The New Jersey 529 plan is a managed investment account that you can use to fund your child’s education. Although many New Jerseyans use it, you may use the plan whether or not you reside in the state. The New Jersey plan’s official name is NJBest.
The owner of the account controls how the assets are managed and what they are eventually used for.
Yes, you can breathe a sigh of relief.
Your teenager will not be given control of the hard-earned money you diligently socked away into a New Jersey 529 account!
New Jersey 529 contribution limits
Contributions grow Federal tax-free, and they may be used to fund qualified tuition expenses at most qualifying institutions such as college, universities, vocational schools, and apprenticeships.
- You can contribute up to $305,000 total per beneficiary into a New Jersey 529 plan account.
- You can gift up to five years of contributions ($80,000 for individuals and $160,000 for married couples) and not be on the hook to pay Federal gift tax, as long as certain conditions are met.
Many folks are unaware that amounts contributed to this plan may be used to fund expenses other than tuition! You may use funds to pay for:
- Room and board (if enrolled more than half time)
- Student loans for the beneficiary or a sibling (up to $10,000)
But what if you establish an account for a child who eventually winds up not pursuing higher education? The good news is that ownership can be transferred to an immediate or extended family member.
Also, under the New Jersey College Affordability Act, if you earn $75,000 or less a year, you may be eligible for up to $750 given as a matching grant for amounts you have contributed to your NJBest 529 plan.
New Jersey 529 tax deduction
If you earn less than $200,00 per year, you are eligible for a tax deduction for contributions of up to $10,000. This feature starts in 2022.
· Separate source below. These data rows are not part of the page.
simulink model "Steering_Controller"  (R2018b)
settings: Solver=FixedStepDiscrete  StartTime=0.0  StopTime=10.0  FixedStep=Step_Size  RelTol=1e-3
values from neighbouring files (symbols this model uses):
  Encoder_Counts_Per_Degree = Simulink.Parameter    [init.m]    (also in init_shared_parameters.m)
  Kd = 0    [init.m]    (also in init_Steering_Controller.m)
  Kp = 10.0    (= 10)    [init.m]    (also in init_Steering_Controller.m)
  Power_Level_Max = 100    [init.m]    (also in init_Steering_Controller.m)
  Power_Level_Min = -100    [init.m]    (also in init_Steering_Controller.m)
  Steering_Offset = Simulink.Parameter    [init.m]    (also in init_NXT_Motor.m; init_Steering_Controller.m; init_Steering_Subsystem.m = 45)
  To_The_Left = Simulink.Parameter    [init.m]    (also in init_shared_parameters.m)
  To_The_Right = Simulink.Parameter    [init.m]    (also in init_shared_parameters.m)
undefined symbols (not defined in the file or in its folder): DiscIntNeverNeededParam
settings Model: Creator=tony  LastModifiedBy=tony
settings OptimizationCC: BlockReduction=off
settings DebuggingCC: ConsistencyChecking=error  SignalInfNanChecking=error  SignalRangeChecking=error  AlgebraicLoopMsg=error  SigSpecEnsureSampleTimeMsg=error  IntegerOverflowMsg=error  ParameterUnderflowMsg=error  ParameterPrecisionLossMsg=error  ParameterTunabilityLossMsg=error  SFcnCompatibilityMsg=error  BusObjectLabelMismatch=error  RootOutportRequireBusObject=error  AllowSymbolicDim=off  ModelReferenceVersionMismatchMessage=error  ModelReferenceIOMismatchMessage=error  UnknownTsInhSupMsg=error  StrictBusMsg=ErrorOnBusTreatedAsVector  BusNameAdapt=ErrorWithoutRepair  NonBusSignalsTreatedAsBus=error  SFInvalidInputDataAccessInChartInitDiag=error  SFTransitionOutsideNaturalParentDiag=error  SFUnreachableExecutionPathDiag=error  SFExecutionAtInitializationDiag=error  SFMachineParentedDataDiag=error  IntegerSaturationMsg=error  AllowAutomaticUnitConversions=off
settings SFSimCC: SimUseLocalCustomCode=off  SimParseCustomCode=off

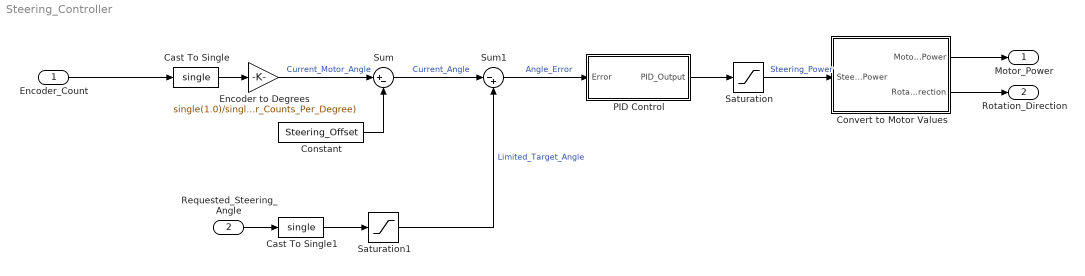
== system Steering_Controller ==
  Encoder_Count : Inport  OutDataTypeStr=Motor_Encoder_Counts
  Requested_Steering_Angle : Inport  Port=2  OutDataTypeStr=int8
  Cast To Single : DataTypeConversion  OutDataTypeStr=single
  Cast To Single1 : DataTypeConversion  OutDataTypeStr=single
  Constant : Constant  Value=Steering_Offset
  Convert to Motor Values : Subsystem
  Encoder to Degrees : Gain  Gain=single(1.0)/single(Encoder_Counts_Per_Degree)  ParamDataTypeStr=single  RndMeth=Zero  OutDataTypeStr=Inherit: Same as input
  PID Control : Subsystem
  Saturation : Saturate  UpperLimit=Power_Level_Max  LowerLimit=Power_Level_Min
  Saturation1 : Saturate  UpperLimit=Steering_Offset  LowerLimit=-Steering_Offset
  Sum : Sum  Inputs=|+-
  Sum1 : Sum  Inputs=|-+
  Motor_Power : Outport
  Rotation_Direction : Outport  Port=2
  wires:
  PID Control/1(PID_Output) -> Saturation/1
  Requested_Steering_Angle/1 -> Cast To Single1/1
  Constant/1 -> Sum/2
  Encoder to Degrees/1 -> Sum/1  "Current_Motor_Angle"
  Sum/1 -> Sum1/1  "Current_Angle"
  Saturation1/1 -> Sum1/2  "Limited_Target_Angle"
  Sum1/1 -> PID Control/1(Error)  "Angle_Error"
  Saturation/1 -> Convert to Motor Values/1(Steering_Power)  "Steering_Power"
  Encoder_Count/1 -> Cast To Single/1
  Convert to Motor Values/2(Rotation_Direction) -> Rotation_Direction/1
  Convert to Motor Values/1(Motor_Power) -> Motor_Power/1
  Cast To Single/1 -> Encoder to Degrees/1
  Cast To Single1/1 -> Saturation1/1

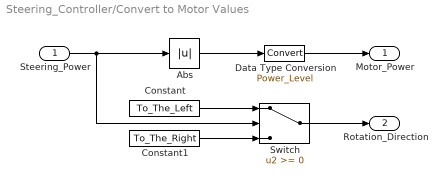
== system Steering_Controller/Convert to Motor Values ==
  Steering_Power : Inport
  Abs : Abs
  Constant : Constant  Value=To_The_Left
  Constant1 : Constant  Value=To_The_Right
  Data Type Conversion : DataTypeConversion  OutDataTypeStr=Power_Level  RndMeth=Zero
  Switch : Switch
  Motor_Power : Outport
  Rotation_Direction : Outport  Port=2
  wires:
  Steering_Power/1 -> Abs/1, Switch/2
  Abs/1 -> Data Type Conversion/1
  Switch/1 -> Rotation_Direction/1
  Constant/1 -> Switch/1
  Constant1/1 -> Switch/3
  Data Type Conversion/1 -> Motor_Power/1

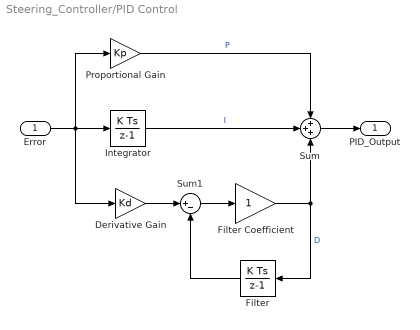
== system Steering_Controller/PID Control ==
  Error : Inport
  Derivative Gain : Gain  Gain=Kd
  Filter : DiscreteIntegrator  gainval=1  SampleTime=-1  ICPrevOutput=DiscIntNeverNeededParam  ICPrevScaledInput=DiscIntNeverNeededParam
  Filter Coefficient : Gain
  Integrator : DiscreteIntegrator  gainval=Ki  SampleTime=-1  ICPrevOutput=DiscIntNeverNeededParam  ICPrevScaledInput=DiscIntNeverNeededParam
  Proportional Gain : Gain  Gain=Kp
  Sum : Sum  Inputs=+++
  Sum1 : Sum  Inputs=|+-
  PID_Output : Outport
  wires:
  Derivative Gain/1 -> Sum1/1
  Sum1/1 -> Filter Coefficient/1
  Filter/1 -> Sum1/2
  Filter Coefficient/1 -> Filter/1, Sum/3  "D"
  Integrator/1 -> Sum/2  "I"
  Proportional Gain/1 -> Sum/1  "P"
  Error/1 -> Derivative Gain/1, Proportional Gain/1, Integrator/1
  Sum/1 -> PID_Output/1

But wait – that’s not the only tax benefit you are allowed as a participant in the New Jersey state sponsored 529 plan! As mentioned, your earnings grow Federal tax-free.
How to select a good 529 plan
Before we get into the pros and cons of the New Jersey 529 plan, here is some general guidance about how to pick a good college funding option for a child.
Here’s what to look for.
Most 529 plans charge an administrative fee for use of the platform. In addition, there are investment options to choose from, each having different fees associated with them. We would urge you to be wary of investments that come with a fee of 1% or higher. Generally, passively managed index funds are lower cost than actively managed mutual funds or Target Date Funds, which adjust over time as the child gets closer to college.
As fees are stated in percentage terms, it’s useful to do the math and compute the hard dollar amount. For example, 0.75% investment fees may not seem like a big number, but if you’ve got $50,000 in the plan, you’re paying $375 a year just for holding that fund. Look at the actual dollar amount and then assess if there are better options available for less money.
Flexible distribution terms
529 plans differ in terms of what type of educational pursuits the proceeds can fund. Look for flexibility here, as children may wind up going in a different direction than originally imagined.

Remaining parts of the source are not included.